Claudia estaba furiosa, otra vez su amiga, Laia, la había dejado tirada por un tío. No sabía si estaba enfadada con su amiga o con ella misma, por confiar en los planes que hacían juntas.

Y pensar que había rechazado una superfiesta de Castaween por estar con Laia.

Llamó a sus amigos para saber el lugar de la fiesta y si había sitio para ella.

Al otro lado del teléfono, una voz que no conocía, le susurró: —Hay sitio para uno más.

Un escalofrío recorrió su espalda. ¿Quién había respondido la llamada? Paula no tenía esa voz de ultratumba.

Contenta porque iba a ver a sus amigas de la UNI y al macizorro del amigo americano, quien recordaba a los «Strippers» del calendario de los bomberos.

Decidió comer algo y tumbarse un rato para estar fresca y descansada en la noche.

Un ruido estridente la despertó, oyó el claxon de un coche llamar impertinentemente. Se levantó y asomó la cabeza por la ventana que daba al exterior. En la calle, una vanette blanca con el anagrama de la funeraria Mémora, con varias personas sentadas en su interior, miraban hacia donde ella estaba.

Vio claramente el rostro espeluznante del conductor. Le recordó a Cristopher Lee en el papel de Drácula. Al verla le dijo: —Hay sitio para uno más.

De un salto se retiró del ventanal y algo aturdida regresó a la cama. La alarma del iPhone 14 la despertó.



Se maquilló siguiendo las instrucciones de un video de YouTube que iba de Morticia Addams. Tenía un cierto parecido a Angélica Houston de joven.

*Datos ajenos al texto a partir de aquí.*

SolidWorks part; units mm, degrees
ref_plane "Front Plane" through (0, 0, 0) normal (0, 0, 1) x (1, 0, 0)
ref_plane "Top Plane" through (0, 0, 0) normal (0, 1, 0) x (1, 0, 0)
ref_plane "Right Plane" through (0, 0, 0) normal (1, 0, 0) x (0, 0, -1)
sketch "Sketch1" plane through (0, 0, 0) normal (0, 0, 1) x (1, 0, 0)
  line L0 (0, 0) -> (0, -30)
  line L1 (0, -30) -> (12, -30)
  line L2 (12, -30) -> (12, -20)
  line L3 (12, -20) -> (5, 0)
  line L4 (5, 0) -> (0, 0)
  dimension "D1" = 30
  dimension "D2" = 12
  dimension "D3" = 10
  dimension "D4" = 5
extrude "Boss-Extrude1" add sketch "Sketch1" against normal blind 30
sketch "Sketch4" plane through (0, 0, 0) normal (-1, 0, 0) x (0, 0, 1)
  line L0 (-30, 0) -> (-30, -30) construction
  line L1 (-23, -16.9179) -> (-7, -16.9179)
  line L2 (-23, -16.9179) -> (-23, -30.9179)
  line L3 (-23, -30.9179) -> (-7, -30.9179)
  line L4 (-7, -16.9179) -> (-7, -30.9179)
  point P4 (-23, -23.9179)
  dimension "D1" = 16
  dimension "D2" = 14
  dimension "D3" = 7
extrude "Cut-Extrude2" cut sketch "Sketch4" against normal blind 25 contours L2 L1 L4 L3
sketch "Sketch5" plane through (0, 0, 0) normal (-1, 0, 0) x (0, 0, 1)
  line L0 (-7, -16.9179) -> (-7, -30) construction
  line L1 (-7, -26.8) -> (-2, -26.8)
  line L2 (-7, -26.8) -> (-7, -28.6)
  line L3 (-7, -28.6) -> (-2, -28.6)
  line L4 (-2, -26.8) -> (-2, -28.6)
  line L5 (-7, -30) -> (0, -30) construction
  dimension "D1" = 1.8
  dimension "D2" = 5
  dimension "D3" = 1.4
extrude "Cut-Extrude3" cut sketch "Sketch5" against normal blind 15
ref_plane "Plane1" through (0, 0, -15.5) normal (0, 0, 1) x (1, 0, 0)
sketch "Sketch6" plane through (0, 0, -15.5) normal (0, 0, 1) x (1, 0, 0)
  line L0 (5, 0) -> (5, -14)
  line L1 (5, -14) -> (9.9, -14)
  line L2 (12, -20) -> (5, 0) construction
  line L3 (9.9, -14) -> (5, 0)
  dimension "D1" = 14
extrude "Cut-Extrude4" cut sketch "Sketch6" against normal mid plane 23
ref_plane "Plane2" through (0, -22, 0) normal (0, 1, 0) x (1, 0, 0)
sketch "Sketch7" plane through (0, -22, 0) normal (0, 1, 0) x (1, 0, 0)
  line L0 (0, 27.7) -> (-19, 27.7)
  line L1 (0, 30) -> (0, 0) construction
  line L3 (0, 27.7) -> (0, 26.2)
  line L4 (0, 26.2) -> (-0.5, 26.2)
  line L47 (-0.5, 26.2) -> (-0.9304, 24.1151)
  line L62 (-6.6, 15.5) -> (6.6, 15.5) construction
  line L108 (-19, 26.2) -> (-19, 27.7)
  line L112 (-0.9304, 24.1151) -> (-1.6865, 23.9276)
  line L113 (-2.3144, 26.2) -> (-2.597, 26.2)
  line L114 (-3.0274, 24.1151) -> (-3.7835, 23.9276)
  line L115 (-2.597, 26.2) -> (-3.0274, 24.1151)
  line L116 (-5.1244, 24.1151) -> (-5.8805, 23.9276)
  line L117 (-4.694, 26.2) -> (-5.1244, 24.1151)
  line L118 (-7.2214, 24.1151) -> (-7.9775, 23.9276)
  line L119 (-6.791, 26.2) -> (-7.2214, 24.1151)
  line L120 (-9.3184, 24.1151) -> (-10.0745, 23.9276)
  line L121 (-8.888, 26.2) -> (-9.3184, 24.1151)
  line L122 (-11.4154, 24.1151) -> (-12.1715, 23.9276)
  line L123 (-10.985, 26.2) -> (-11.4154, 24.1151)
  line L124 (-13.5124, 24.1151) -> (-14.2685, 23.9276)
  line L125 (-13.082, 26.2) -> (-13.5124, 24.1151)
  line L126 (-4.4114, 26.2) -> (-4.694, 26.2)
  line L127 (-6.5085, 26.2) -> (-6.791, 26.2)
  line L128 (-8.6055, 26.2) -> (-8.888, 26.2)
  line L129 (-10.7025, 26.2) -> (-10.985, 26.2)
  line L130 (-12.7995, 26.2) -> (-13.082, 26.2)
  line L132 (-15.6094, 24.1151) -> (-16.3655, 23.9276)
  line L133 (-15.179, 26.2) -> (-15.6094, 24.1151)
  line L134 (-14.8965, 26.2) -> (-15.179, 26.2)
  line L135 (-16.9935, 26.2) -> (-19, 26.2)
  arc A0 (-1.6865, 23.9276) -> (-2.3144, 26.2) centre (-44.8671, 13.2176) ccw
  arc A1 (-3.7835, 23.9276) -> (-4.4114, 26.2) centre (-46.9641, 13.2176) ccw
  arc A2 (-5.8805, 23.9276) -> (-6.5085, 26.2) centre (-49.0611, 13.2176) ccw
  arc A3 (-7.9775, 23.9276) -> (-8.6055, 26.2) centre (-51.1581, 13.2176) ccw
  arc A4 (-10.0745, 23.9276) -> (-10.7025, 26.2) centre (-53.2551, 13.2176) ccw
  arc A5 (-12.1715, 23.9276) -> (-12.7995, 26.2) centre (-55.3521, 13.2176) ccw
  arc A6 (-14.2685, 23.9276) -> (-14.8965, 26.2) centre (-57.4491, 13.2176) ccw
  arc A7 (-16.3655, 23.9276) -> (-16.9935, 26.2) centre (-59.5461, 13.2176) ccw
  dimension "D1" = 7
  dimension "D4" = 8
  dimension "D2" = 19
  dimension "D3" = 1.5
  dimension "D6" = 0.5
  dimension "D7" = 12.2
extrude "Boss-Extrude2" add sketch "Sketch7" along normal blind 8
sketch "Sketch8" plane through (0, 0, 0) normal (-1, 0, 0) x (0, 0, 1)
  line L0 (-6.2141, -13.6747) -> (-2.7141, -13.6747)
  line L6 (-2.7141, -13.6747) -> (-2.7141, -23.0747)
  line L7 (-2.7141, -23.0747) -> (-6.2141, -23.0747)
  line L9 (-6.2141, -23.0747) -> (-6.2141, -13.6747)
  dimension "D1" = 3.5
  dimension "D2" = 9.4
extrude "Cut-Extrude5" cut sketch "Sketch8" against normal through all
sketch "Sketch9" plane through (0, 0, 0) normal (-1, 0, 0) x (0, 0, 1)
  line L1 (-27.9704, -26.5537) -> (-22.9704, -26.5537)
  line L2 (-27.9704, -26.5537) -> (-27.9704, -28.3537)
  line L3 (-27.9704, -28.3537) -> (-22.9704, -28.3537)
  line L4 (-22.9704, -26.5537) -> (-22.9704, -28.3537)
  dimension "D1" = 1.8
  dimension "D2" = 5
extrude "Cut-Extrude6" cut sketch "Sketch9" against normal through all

El vestido le sentaba como un guante y la peluca de pelo natural que había alquilado, le daba el toque sensual que deseaba.

Cogió el bolso que imitaba una tela de araña y, guardó en su interior sus llaves de casa, las del coche, el bolso de maquillaje de retoques y tarjetas de crédito.

Iba a guardar su bolso, cuando recordó lo vivido.  Envió un WhatsApp a su amiga Paula.


«Holi!! Guapi»

«¿Quién te ha cogido el móvil? ¿Te ha dicho que vengo a tu fiesta?»

Al instante, Paula respondió.

«¡Chupi! Vienes, qué bien».

«¿Quién tenía que decirme que venías?»

«No tengo ningún mensaje tuyo».


Claudia no le dio más importancia, la había llamado al teléfono. Habría respondido algún bromista que estaría ayudando a montar todo.

Se cubrió con la capa de terciopelo negro, repintó sus labios de color negro y se miró complacida en el espejo del recibidor antes de salir.

El edificio de la Torre Puig, donde vivía en la plaza de Europa, era un hervidero de gente que entraba y salía.

Cuando llamó al ascensor, se cargó de paciencia porque vivía en el piso veinte de los veintidós que tenía el rascacielos.

El ascensor pasó de largo y paró a recoger a otro grupo de personas después de soltar en el piso veintidós a otro panda de amigos. Se impacientó al escuchar el murmullo de los que entraban en el ascensor; debían ser muchos, por lo que tardaban en llenarlo.

Pensó para sí «Solo faltaría que vaya tan lleno que tenga que esperar a otro ascensor».

Los otros cuatro ascensores también estaban colapsados.

El ascensor paró en su rellano —¡por fin!— pensó.

Al abrirse las puertas, vio el rostro del conductor que había creído soñar frente a ella, junto a un grupo de desconocidos. Los mismos que iban en la vanette.

Este le sonrió diciéndole: —Hay sitio para uno más.

No entró, presa del pánico. El ascensor cerró las puertas. Instantes después oyó los gritos y el ruido del ascensor chocando contra el sótano. Se había roto la seguridad de las poleas y había caído desplomándose.